* Activity *
In the listing below, locate the line that contains "(4878823.8, -391118.7), dxfattribs=at)" and the line that contains "(4878923.8, -391268.7), dxfattribs=at)". Restate word for word those two lines and every line between them, and nothing else.
### Raw data ###
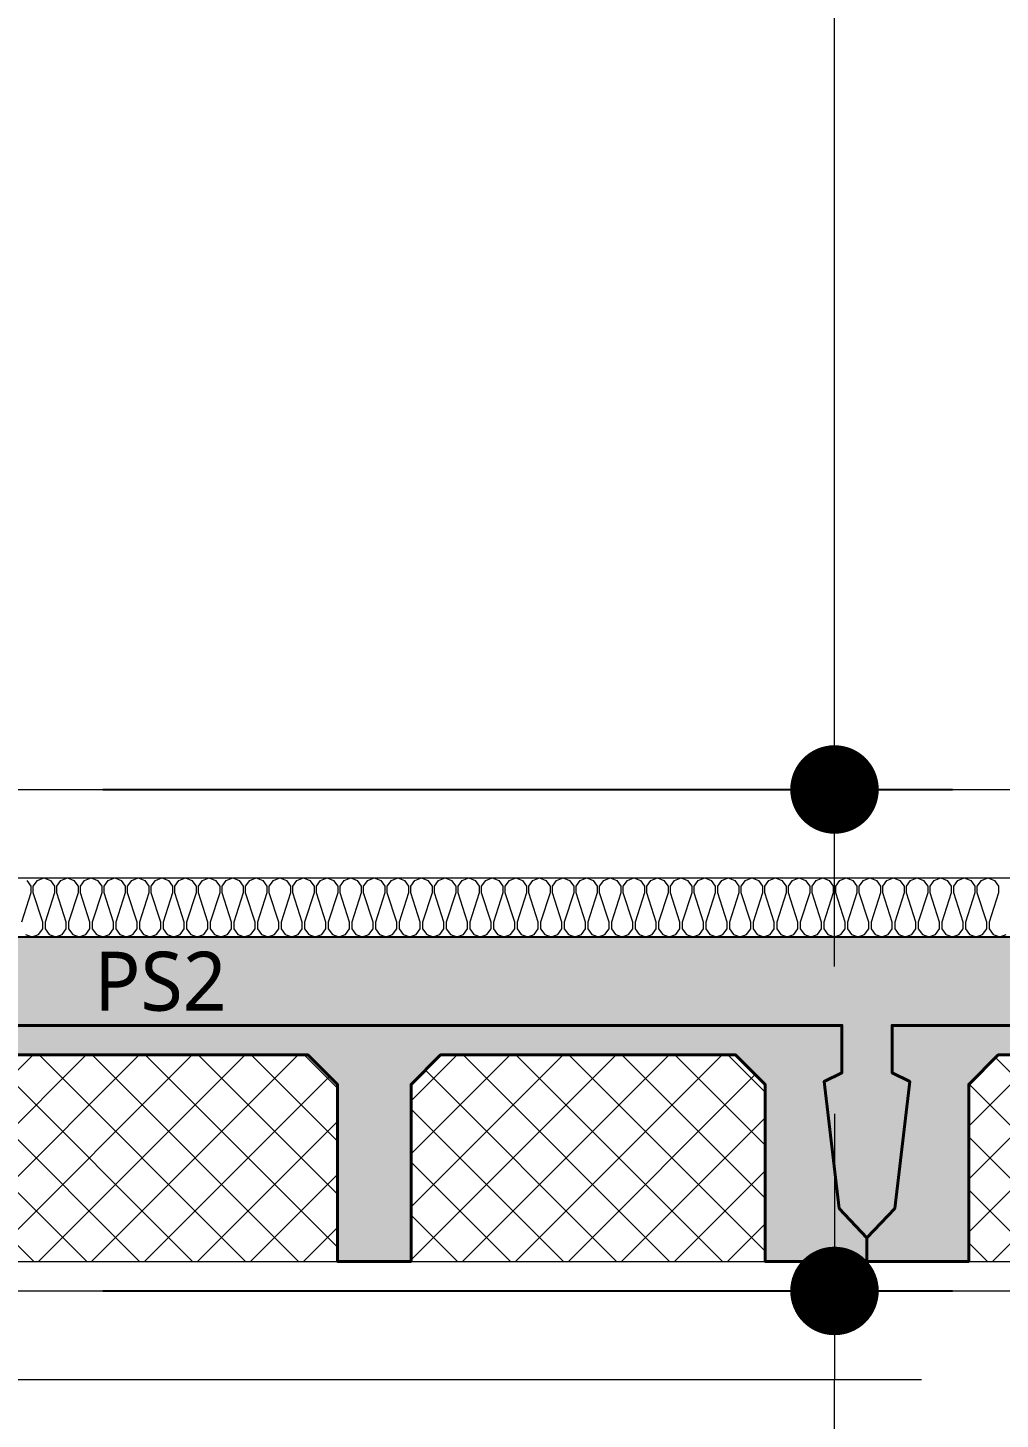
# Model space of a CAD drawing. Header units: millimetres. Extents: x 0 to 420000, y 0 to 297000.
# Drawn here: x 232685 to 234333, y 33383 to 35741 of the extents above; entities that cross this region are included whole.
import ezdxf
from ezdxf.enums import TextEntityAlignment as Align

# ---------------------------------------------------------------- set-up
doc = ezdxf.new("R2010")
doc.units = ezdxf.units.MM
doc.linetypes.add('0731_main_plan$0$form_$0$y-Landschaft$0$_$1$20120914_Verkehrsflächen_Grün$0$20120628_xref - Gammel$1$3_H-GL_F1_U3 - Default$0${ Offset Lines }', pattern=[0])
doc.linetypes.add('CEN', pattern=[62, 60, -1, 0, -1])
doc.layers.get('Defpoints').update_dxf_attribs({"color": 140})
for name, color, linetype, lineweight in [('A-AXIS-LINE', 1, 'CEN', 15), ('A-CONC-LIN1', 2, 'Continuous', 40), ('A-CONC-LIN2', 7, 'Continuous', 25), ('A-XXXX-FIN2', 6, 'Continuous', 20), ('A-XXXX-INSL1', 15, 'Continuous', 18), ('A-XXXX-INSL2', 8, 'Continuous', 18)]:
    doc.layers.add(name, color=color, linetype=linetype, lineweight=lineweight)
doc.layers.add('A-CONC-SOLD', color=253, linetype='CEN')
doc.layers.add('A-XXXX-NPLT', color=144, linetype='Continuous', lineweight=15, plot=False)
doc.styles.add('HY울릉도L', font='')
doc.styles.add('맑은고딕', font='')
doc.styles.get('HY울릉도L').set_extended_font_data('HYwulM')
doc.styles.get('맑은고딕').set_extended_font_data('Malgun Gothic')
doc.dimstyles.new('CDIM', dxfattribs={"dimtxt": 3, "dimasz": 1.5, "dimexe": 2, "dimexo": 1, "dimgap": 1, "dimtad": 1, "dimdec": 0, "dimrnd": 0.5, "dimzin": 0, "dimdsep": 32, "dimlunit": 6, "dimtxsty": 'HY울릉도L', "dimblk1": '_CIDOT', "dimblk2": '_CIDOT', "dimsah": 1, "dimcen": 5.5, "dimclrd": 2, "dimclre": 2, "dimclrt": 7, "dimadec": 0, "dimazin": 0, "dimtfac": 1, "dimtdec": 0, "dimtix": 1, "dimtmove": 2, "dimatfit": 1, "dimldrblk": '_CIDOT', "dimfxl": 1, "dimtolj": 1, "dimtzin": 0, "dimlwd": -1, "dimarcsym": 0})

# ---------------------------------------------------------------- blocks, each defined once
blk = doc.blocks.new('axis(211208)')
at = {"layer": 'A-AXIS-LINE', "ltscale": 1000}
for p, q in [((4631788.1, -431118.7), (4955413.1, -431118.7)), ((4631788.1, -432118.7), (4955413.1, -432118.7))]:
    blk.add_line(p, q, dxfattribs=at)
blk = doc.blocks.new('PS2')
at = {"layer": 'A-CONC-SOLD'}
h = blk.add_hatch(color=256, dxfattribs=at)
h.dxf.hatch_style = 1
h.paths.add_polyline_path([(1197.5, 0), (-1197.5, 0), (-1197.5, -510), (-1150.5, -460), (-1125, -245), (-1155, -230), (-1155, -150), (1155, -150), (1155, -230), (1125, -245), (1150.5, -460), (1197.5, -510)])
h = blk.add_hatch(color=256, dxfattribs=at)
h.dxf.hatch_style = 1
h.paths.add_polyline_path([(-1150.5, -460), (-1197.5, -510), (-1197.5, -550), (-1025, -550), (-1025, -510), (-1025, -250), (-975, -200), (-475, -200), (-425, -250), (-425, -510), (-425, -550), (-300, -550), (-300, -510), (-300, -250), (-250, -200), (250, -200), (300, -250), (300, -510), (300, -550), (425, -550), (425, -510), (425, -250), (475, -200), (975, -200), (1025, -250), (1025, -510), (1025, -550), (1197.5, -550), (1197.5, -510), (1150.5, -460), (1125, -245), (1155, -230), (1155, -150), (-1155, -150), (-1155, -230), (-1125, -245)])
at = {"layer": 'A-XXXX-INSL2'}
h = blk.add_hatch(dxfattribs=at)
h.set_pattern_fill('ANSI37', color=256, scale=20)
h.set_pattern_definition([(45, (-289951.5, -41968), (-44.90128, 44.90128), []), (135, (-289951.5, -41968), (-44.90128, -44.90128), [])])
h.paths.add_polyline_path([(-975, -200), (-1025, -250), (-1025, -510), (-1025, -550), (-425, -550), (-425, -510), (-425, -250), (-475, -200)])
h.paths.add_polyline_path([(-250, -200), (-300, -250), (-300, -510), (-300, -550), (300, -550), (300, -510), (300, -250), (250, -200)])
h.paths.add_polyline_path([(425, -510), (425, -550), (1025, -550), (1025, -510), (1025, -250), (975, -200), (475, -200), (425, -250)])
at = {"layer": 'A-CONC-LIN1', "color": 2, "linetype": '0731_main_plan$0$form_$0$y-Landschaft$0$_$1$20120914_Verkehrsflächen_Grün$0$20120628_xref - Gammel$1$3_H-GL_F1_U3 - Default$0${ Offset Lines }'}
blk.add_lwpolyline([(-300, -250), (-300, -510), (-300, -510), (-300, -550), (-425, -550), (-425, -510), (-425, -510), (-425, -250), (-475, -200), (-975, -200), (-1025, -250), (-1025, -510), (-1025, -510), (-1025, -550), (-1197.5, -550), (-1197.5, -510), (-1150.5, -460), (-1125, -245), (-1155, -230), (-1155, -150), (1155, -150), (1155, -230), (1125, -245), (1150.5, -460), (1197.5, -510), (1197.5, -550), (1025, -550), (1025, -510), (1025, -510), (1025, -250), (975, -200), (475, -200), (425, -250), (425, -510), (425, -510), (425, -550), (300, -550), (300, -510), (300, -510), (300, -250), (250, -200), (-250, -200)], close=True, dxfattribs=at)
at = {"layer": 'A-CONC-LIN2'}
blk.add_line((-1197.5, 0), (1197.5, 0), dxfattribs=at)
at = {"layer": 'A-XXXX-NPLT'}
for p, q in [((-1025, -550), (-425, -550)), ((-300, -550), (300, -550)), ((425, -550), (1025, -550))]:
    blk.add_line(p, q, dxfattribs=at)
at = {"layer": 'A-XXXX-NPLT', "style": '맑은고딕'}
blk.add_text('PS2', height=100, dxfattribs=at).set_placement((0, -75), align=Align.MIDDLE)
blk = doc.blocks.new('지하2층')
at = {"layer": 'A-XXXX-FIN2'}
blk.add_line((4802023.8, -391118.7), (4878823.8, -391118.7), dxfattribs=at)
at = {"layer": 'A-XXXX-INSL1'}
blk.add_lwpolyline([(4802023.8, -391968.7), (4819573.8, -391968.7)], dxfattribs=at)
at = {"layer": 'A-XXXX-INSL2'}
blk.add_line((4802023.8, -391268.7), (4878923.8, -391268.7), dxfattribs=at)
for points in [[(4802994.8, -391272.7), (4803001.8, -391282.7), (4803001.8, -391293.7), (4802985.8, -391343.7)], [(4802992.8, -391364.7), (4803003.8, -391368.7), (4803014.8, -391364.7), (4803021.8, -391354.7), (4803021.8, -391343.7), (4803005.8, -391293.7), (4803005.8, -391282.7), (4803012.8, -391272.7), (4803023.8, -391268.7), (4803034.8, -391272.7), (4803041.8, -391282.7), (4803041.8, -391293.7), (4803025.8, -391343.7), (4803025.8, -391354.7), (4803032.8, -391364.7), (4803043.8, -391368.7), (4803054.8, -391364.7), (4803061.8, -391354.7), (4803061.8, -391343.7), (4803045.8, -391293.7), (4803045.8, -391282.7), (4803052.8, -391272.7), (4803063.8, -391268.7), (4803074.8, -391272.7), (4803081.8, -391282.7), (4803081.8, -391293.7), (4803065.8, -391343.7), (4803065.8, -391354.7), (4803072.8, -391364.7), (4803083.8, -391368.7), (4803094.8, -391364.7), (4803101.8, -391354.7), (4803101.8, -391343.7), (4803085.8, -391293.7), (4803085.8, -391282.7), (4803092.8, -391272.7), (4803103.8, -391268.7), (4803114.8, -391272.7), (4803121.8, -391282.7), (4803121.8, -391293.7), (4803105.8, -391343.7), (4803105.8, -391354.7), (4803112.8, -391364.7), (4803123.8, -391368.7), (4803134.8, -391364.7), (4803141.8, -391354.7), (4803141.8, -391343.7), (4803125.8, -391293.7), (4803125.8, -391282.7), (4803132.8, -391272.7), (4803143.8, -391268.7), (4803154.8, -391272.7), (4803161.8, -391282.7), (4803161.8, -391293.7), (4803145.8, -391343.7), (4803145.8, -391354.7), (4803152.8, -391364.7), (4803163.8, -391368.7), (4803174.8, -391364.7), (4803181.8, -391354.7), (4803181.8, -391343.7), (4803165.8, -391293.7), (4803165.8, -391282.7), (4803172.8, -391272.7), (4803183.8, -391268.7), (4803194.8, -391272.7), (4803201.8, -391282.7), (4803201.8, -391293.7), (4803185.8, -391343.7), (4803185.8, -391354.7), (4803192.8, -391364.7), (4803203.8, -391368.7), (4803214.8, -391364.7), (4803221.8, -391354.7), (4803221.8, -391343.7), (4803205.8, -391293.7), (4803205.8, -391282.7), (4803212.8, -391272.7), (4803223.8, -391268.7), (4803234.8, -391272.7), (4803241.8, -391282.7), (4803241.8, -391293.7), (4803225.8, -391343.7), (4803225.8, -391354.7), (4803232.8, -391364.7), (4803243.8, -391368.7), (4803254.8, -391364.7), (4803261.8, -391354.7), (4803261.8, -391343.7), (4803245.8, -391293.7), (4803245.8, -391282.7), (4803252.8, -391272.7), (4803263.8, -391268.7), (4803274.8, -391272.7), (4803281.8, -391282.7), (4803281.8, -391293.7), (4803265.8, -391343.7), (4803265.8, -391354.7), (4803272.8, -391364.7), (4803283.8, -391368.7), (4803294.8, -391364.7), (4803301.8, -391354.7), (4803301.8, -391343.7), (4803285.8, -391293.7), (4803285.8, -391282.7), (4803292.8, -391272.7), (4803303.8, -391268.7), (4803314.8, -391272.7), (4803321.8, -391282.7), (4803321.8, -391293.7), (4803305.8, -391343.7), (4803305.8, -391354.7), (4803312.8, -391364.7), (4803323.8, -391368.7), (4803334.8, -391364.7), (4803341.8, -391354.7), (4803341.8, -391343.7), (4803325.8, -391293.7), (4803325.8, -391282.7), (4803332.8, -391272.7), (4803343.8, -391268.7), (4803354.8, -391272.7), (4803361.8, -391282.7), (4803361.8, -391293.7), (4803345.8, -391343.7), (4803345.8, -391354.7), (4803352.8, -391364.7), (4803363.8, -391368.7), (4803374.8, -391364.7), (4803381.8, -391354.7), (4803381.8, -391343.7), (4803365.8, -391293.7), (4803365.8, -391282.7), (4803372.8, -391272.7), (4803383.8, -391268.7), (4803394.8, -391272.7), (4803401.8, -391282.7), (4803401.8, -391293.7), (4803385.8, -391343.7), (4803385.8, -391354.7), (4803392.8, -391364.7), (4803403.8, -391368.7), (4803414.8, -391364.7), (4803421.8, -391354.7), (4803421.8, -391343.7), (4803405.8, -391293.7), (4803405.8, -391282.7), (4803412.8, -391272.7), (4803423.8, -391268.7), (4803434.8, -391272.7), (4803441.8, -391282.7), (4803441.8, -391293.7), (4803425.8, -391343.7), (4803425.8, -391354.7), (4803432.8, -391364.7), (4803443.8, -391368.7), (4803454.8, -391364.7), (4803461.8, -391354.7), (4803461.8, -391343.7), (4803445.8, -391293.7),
###
* Task answer *
blk.add_line((4802023.8, -391118.7), (4878823.8, -391118.7), dxfattribs=at)
at = {"layer": 'A-XXXX-INSL1'}
blk.add_lwpolyline([(4802023.8, -391968.7), (4819573.8, -391968.7)], dxfattribs=at)
at = {"layer": 'A-XXXX-INSL2'}
blk.add_line((4802023.8, -391268.7), (4878923.8, -391268.7), dxfattribs=at)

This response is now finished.